Collected data:

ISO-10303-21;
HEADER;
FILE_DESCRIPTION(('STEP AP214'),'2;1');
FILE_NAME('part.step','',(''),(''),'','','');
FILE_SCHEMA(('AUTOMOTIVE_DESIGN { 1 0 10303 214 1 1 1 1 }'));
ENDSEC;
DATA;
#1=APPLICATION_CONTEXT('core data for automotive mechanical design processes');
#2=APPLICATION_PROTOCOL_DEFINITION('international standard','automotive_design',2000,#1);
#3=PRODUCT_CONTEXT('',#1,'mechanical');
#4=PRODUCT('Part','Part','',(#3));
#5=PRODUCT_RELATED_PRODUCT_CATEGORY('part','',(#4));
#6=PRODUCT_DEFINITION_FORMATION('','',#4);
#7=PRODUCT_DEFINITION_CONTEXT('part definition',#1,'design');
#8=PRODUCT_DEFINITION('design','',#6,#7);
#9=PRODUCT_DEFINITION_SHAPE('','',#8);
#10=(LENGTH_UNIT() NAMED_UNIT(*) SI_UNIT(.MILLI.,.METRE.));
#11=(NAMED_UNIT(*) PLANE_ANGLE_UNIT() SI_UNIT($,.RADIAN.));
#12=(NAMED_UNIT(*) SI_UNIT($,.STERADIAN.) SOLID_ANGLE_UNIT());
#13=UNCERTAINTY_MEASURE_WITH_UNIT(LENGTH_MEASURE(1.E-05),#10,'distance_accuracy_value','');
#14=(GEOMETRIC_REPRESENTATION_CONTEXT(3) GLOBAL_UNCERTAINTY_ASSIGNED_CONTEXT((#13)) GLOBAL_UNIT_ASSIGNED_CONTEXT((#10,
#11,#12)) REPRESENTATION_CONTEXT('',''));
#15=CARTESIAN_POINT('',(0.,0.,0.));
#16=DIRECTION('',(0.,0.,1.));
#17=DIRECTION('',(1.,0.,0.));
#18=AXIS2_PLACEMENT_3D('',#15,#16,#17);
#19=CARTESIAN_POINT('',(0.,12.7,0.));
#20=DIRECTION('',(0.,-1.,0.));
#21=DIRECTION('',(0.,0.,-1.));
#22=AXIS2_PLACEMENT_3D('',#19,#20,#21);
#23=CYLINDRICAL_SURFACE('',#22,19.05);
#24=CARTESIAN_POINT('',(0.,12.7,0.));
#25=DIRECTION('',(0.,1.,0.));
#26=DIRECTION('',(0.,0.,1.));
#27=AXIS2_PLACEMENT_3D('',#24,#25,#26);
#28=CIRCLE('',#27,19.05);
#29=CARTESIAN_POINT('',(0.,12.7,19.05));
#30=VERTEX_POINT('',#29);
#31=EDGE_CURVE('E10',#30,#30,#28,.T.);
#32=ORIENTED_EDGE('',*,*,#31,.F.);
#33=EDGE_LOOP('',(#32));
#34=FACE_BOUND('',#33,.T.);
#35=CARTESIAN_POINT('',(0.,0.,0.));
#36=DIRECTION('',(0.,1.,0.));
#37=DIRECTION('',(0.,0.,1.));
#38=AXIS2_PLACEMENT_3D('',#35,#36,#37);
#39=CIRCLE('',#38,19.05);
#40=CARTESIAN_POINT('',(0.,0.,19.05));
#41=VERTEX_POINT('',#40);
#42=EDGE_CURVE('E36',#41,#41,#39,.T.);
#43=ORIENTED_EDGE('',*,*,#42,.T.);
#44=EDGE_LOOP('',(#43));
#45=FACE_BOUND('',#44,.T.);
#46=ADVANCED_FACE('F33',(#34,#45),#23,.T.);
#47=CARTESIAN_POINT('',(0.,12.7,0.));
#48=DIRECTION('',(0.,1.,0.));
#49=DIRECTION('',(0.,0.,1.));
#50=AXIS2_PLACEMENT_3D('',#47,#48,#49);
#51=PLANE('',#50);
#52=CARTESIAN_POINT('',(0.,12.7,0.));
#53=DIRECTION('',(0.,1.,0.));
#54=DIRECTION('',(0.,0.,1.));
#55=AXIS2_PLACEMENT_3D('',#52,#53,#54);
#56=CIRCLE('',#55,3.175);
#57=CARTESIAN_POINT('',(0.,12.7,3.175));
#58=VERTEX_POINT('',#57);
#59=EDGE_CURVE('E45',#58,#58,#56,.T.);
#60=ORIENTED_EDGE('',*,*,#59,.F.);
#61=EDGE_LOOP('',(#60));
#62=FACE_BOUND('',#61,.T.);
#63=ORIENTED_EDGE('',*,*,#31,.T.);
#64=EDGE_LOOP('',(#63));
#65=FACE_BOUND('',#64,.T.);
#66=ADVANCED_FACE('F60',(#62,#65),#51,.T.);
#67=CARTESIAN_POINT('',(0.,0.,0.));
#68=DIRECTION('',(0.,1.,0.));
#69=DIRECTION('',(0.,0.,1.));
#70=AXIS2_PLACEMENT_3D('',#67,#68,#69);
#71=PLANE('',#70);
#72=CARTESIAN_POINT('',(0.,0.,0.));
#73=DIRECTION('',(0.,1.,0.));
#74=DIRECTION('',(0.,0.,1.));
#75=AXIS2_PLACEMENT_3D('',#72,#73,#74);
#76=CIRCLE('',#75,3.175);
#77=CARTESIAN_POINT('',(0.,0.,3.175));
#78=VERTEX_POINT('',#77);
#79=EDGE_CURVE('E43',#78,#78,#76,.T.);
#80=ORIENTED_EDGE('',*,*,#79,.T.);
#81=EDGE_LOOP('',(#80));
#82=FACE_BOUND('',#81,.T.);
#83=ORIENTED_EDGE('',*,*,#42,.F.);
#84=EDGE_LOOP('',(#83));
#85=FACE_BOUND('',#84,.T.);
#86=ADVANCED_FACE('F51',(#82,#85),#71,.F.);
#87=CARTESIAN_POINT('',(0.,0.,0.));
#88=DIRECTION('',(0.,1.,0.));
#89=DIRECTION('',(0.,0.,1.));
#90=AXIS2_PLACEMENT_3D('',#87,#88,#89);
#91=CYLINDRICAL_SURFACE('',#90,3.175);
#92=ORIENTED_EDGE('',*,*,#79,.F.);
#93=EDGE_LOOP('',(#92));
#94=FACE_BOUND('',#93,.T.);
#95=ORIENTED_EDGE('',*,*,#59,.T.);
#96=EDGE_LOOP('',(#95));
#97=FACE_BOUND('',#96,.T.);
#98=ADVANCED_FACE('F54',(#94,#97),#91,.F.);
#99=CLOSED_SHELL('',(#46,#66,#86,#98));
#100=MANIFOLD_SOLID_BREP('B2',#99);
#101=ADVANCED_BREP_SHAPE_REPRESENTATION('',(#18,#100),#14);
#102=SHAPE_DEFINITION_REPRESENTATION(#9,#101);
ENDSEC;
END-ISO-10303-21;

• [Problem description]: Read the entries and select each line where the word "CIRCLE" is found.

• [Exercise output]:
#28=CIRCLE('',#27,19.05);
#39=CIRCLE('',#38,19.05);
#56=CIRCLE('',#55,3.175);
#76=CIRCLE('',#75,3.175);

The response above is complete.